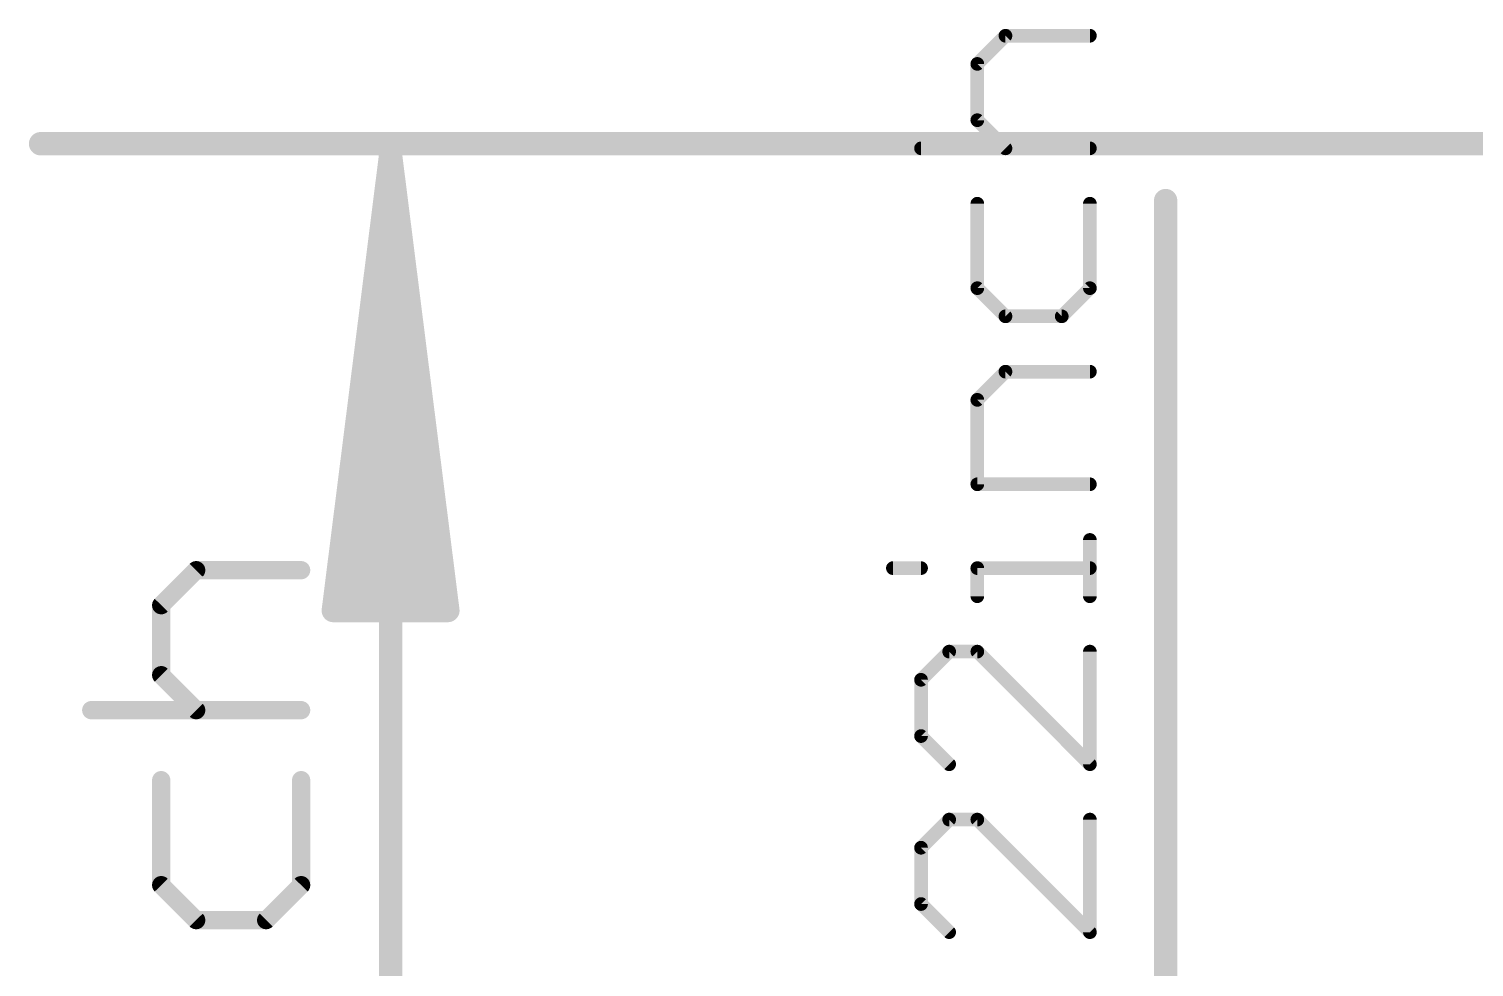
# Model space of a CAD drawing. Extents: x -32 to 75, y -66 to 21.
# Drawn here: x -8.37 to -0.31, y 9.38 to 14.61 of the extents above; entities that cross this region are included whole.
import ezdxf

# ---------------------------------------------------------------- set-up
doc = ezdxf.new("R2010")
doc.units = 0
doc.layers.add('47', color=253, linetype='CONTINUOUS')

msp = doc.modelspace()

# ---------------------------------------------------------------- linework, layer by layer
at = {"layer": '47'}
for points, const_width in [([(-3.0812, 14.4146), (-2.9244, 14.5714)], 0.0762), ([(-2.9244, 14.5714), (-2.4541, 14.5714)], 0.0762), ([(-3.0812, 14.1011), (-3.0812, 14.4146)], 0.0762), ([(-2.9244, 13.9443), (-3.0812, 14.1011)], 0.0762), ([(0, 13.97), (-8.3, 13.97)], 0.13), ([(-6.35, 13.905), (-6.6692, 11.37)], 0.13), ([(-6.35, 13.905), (-6.61, 11.37)], 0.13), ([(-6.35, 13.905), (-6.48, 11.37)], 0.13), ([(-6.35, 0.065), (-6.35, 13.905)], 0.13), ([(-6.0308, 11.37), (-6.35, 13.905)], 0.13), ([(-6.22, 11.37), (-6.35, 13.905)], 0.13), ([(-6.09, 11.37), (-6.35, 13.905)], 0.13), ([(-3.3947, 13.9443), (-2.4541, 13.9443)], 0.0762), ([(-2.032, 5.6022), (-2.032, 13.6534)], 0.13), ([(-3.0812, 13.6359), (-3.0812, 13.1656)], 0.0762), ([(-2.4541, 13.1656), (-2.4541, 13.6359)], 0.0762), ([(-3.0812, 13.1656), (-2.9244, 13.0088)], 0.0762), ([(-2.6109, 13.0088), (-2.4541, 13.1656)], 0.0762), ([(-2.9244, 13.0088), (-2.6109, 13.0088)], 0.0762), ([(-3.0812, 12.5436), (-2.9244, 12.7004)], 0.0762), ([(-2.9244, 12.7004), (-2.4541, 12.7004)], 0.0762), ([(-3.0812, 12.0733), (-3.0812, 12.5436)], 0.0762), ([(-2.4541, 12.0733), (-3.0812, 12.0733)], 0.0762), ([(-2.4541, 11.4496), (-2.4541, 11.7632)], 0.0762), ([(-7.6279, 11.3998), (-7.433, 11.5947)], 0.1016), ([(-7.433, 11.5947), (-6.8483, 11.5947)], 0.1016), ([(-3.5515, 11.6064), (-3.3947, 11.6064)], 0.0762), ([(-3.0812, 11.4496), (-3.0812, 11.6064)], 0.0762), ([(-3.0812, 11.6064), (-2.4541, 11.6064)], 0.0762), ([(-7.6279, 11.01), (-7.6279, 11.3998)], 0.1016), ([(-6.6692, 11.37), (-6.0308, 11.37)], 0.13), ([(-3.2379, 11.1412), (-3.3947, 10.9844)], 0.0762), ([(-3.0812, 11.1412), (-3.2379, 11.1412)], 0.0762), ([(-2.4541, 10.5141), (-3.0812, 11.1412)], 0.0762), ([(-2.4541, 11.1412), (-2.4541, 10.5141)], 0.0762), ([(-7.433, 10.8151), (-7.6279, 11.01)], 0.1016), ([(-3.3947, 10.9844), (-3.3947, 10.6709)], 0.0762), ([(-8.0177, 10.8151), (-6.8483, 10.8151)], 0.1016), ([(-3.3947, 10.6709), (-3.2379, 10.5141)], 0.0762), ([(-7.6279, 10.4253), (-7.6279, 9.8406)], 0.1016), ([(-6.8483, 9.8406), (-6.8483, 10.4253)], 0.1016), ([(-3.2379, 10.2056), (-3.3947, 10.0489)], 0.0762), ([(-3.0812, 10.2056), (-3.2379, 10.2056)], 0.0762), ([(-2.4541, 9.5786), (-3.0812, 10.2056)], 0.0762), ([(-2.4541, 10.2056), (-2.4541, 9.5786)], 0.0762), ([(-3.3947, 10.0489), (-3.3947, 9.7353)], 0.0762), ([(-7.6279, 9.8406), (-7.433, 9.6457)], 0.1016), ([(-7.0432, 9.6457), (-6.8483, 9.8406)], 0.1016), ([(-3.3947, 9.7353), (-3.2379, 9.5786)], 0.0762), ([(-7.433, 9.6457), (-7.0432, 9.6457)], 0.1016)]:
    msp.add_lwpolyline(points, dxfattribs=dict(at, const_width=const_width))
for points, const_width in [([(-2.9244, 14.5905, 1), (-2.9244, 14.5524)], 0.0381), ([(-2.9109, 14.5579, 1), (-2.9379, 14.5849)], 0.0381), ([(-2.4541, 14.5524, 1), (-2.4541, 14.5905)], 0.0381), ([(-3.0621, 14.4146, 1), (-3.1002, 14.4146)], 0.0381), ([(-3.0946, 14.4281, 1), (-3.0677, 14.4012)], 0.0381), ([(-3.0677, 14.1146, 1), (-3.0946, 14.0876)], 0.0381), ([(-3.1002, 14.1011, 1), (-3.0621, 14.1011)], 0.0381), ([(-8.3, 14.0025, 1), (-8.3, 13.9375)], 0.065), ([(-6.3175, 13.905, 1), (-6.3825, 13.905)], 0.065), ([(-6.3178, 13.9091, 1), (-6.3822, 13.9009)], 0.065), ([(-6.3175, 13.9033, 1), (-6.3825, 13.9067)], 0.065), ([(-6.3175, 13.9067, 1), (-6.3825, 13.9033)], 0.065), ([(-6.3177, 13.9083, 1), (-6.3823, 13.9017)], 0.065), ([(-6.3177, 13.9017, 1), (-6.3823, 13.9083)], 0.065), ([(-6.3178, 13.9009, 1), (-6.3822, 13.9091)], 0.065), ([(-3.3947, 13.9634, 1), (-3.3947, 13.9253)], 0.0381), ([(-2.9379, 13.9309, 1), (-2.9109, 13.9578)], 0.0381), ([(-2.4541, 13.9253, 1), (-2.4541, 13.9634)], 0.0381), ([(-1.9995, 13.6534, 1), (-2.0645, 13.6534)], 0.065), ([(-3.0621, 13.6359, 1), (-3.1002, 13.6359)], 0.0381), ([(-2.435, 13.6359, 1), (-2.4731, 13.6359)], 0.0381), ([(-3.1002, 13.1656, 1), (-3.0621, 13.1656)], 0.0381), ([(-3.0677, 13.179, 1), (-3.0946, 13.1521)], 0.0381), ([(-2.4731, 13.1656, 1), (-2.435, 13.1656)], 0.0381), ([(-2.4406, 13.1521, 1), (-2.4676, 13.179)], 0.0381), ([(-2.9244, 13.0279, 1), (-2.9244, 12.9898)], 0.0381), ([(-2.6109, 12.9898, 1), (-2.6109, 13.0279)], 0.0381), ([(-2.9379, 12.9953, 1), (-2.9109, 13.0223)], 0.0381), ([(-2.6243, 13.0223, 1), (-2.5974, 12.9953)], 0.0381), ([(-2.9244, 12.7194, 1), (-2.9244, 12.6813)], 0.0381), ([(-2.9109, 12.6869, 1), (-2.9379, 12.7138)], 0.0381), ([(-2.4541, 12.6813, 1), (-2.4541, 12.7194)], 0.0381), ([(-3.0621, 12.5436, 1), (-3.1002, 12.5436)], 0.0381), ([(-3.0946, 12.5571, 1), (-3.0677, 12.5301)], 0.0381), ([(-3.0812, 12.0923, 1), (-3.0812, 12.0542)], 0.0381), ([(-3.1002, 12.0733, 1), (-3.0621, 12.0733)], 0.0381), ([(-2.4541, 12.0542, 1), (-2.4541, 12.0923)], 0.0381), ([(-2.435, 11.7632, 1), (-2.4731, 11.7632)], 0.0381), ([(-7.433, 11.6201, 1), (-7.433, 11.5693)], 0.0508), ([(-7.415, 11.5767, 1), (-7.451, 11.6126)], 0.0508), ([(-6.8483, 11.5693, 1), (-6.8483, 11.6201)], 0.0508), ([(-3.5515, 11.6254, 1), (-3.5515, 11.5873)], 0.0381), ([(-3.3947, 11.5873, 1), (-3.3947, 11.6254)], 0.0381), ([(-3.0621, 11.6064, 1), (-3.1002, 11.6064)], 0.0381), ([(-3.0812, 11.6254, 1), (-3.0812, 11.5873)], 0.0381), ([(-2.4541, 11.5873, 1), (-2.4541, 11.6254)], 0.0381), ([(-7.6025, 11.3998, 1), (-7.6533, 11.3998)], 0.0508), ([(-7.6459, 11.4177, 1), (-7.6099, 11.3818)], 0.0508), ([(-6.6692, 11.4025, 1), (-6.6692, 11.3375)], 0.065), ([(-6.0308, 11.3375, 1), (-6.0308, 11.4025)], 0.065), ([(-3.1002, 11.4496, 1), (-3.0621, 11.4496)], 0.0381), ([(-2.4731, 11.4496, 1), (-2.435, 11.4496)], 0.0381), ([(-6.7015, 11.3741, 1), (-6.637, 11.3659)], 0.065), ([(-6.6423, 11.3733, 1), (-6.5777, 11.3667)], 0.065), ([(-6.5125, 11.3717, 1), (-6.4475, 11.3683)], 0.065), ([(-6.2525, 11.3683, 1), (-6.1875, 11.3717)], 0.065), ([(-6.1223, 11.3667, 1), (-6.0577, 11.3733)], 0.065), ([(-6.063, 11.3659, 1), (-5.9985, 11.3741)], 0.065), ([(-3.2379, 11.1602, 1), (-3.2379, 11.1221)], 0.0381), ([(-3.2245, 11.1277, 1), (-3.2514, 11.1546)], 0.0381), ([(-3.0677, 11.1546, 1), (-3.0946, 11.1277)], 0.0381), ([(-3.0812, 11.1221, 1), (-3.0812, 11.1602)], 0.0381), ([(-2.435, 11.1412, 1), (-2.4731, 11.1412)], 0.0381), ([(-7.6099, 11.0279, 1), (-7.6459, 10.992)], 0.0508), ([(-7.6533, 11.01, 1), (-7.6025, 11.01)], 0.0508), ([(-3.3757, 10.9844, 1), (-3.4138, 10.9844)], 0.0381), ([(-3.4082, 10.9979, 1), (-3.3812, 10.9709)], 0.0381), ([(-8.0177, 10.8405, 1), (-8.0177, 10.7897)], 0.0508), ([(-7.451, 10.7971, 1), (-7.415, 10.833)], 0.0508), ([(-6.8483, 10.7897, 1), (-6.8483, 10.8405)], 0.0508), ([(-3.3812, 10.6843, 1), (-3.4082, 10.6574)], 0.0381), ([(-3.4138, 10.6709, 1), (-3.3757, 10.6709)], 0.0381), ([(-7.6025, 10.4253, 1), (-7.6533, 10.4253)], 0.0508), ([(-6.8229, 10.4253, 1), (-6.8737, 10.4253)], 0.0508), ([(-3.2514, 10.5006, 1), (-3.2245, 10.5276)], 0.0381), ([(-2.4731, 10.5141, 1), (-2.435, 10.5141)], 0.0381), ([(-2.4676, 10.5006, 1), (-2.4406, 10.5276)], 0.0381), ([(-3.2379, 10.2247, 1), (-3.2379, 10.1866)], 0.0381), ([(-3.2245, 10.1922, 1), (-3.2514, 10.2191)], 0.0381), ([(-3.0677, 10.2191, 1), (-3.0946, 10.1922)], 0.0381), ([(-3.0812, 10.1866, 1), (-3.0812, 10.2247)], 0.0381), ([(-2.435, 10.2056, 1), (-2.4731, 10.2056)], 0.0381), ([(-3.3757, 10.0489, 1), (-3.4138, 10.0489)], 0.0381), ([(-3.4082, 10.0623, 1), (-3.3812, 10.0354)], 0.0381), ([(-7.6099, 9.8585, 1), (-7.6459, 9.8226)], 0.0508), ([(-7.6533, 9.8406, 1), (-7.6025, 9.8406)], 0.0508), ([(-6.8737, 9.8406, 1), (-6.8229, 9.8406)], 0.0508), ([(-6.8303, 9.8226, 1), (-6.8663, 9.8585)], 0.0508), ([(-3.4138, 9.7353, 1), (-3.3757, 9.7353)], 0.0381), ([(-3.3812, 9.7488, 1), (-3.4082, 9.7219)], 0.0381), ([(-7.433, 9.6711, 1), (-7.433, 9.6203)], 0.0508), ([(-7.451, 9.6277, 1), (-7.415, 9.6636)], 0.0508), ([(-7.0612, 9.6636, 1), (-7.0252, 9.6277)], 0.0508), ([(-7.0432, 9.6203, 1), (-7.0432, 9.6711)], 0.0508), ([(-3.2514, 9.5651, 1), (-3.2245, 9.592)], 0.0381), ([(-2.4731, 9.5786, 1), (-2.435, 9.5786)], 0.0381), ([(-2.4676, 9.5651, 1), (-2.4406, 9.592)], 0.0381)]:
    msp.add_lwpolyline(points, format="xyb", dxfattribs=dict(at, const_width=const_width))

doc.saveas('drawing.dxf')
:::::
**TRY IT**
The answer must be every line from the records above that contains the word "dxfattribs", copied out.

**TASK RESULT**
    msp.add_lwpolyline(points, dxfattribs=dict(at, const_width=const_width))
    msp.add_lwpolyline(points, format="xyb", dxfattribs=dict(at, const_width=const_width))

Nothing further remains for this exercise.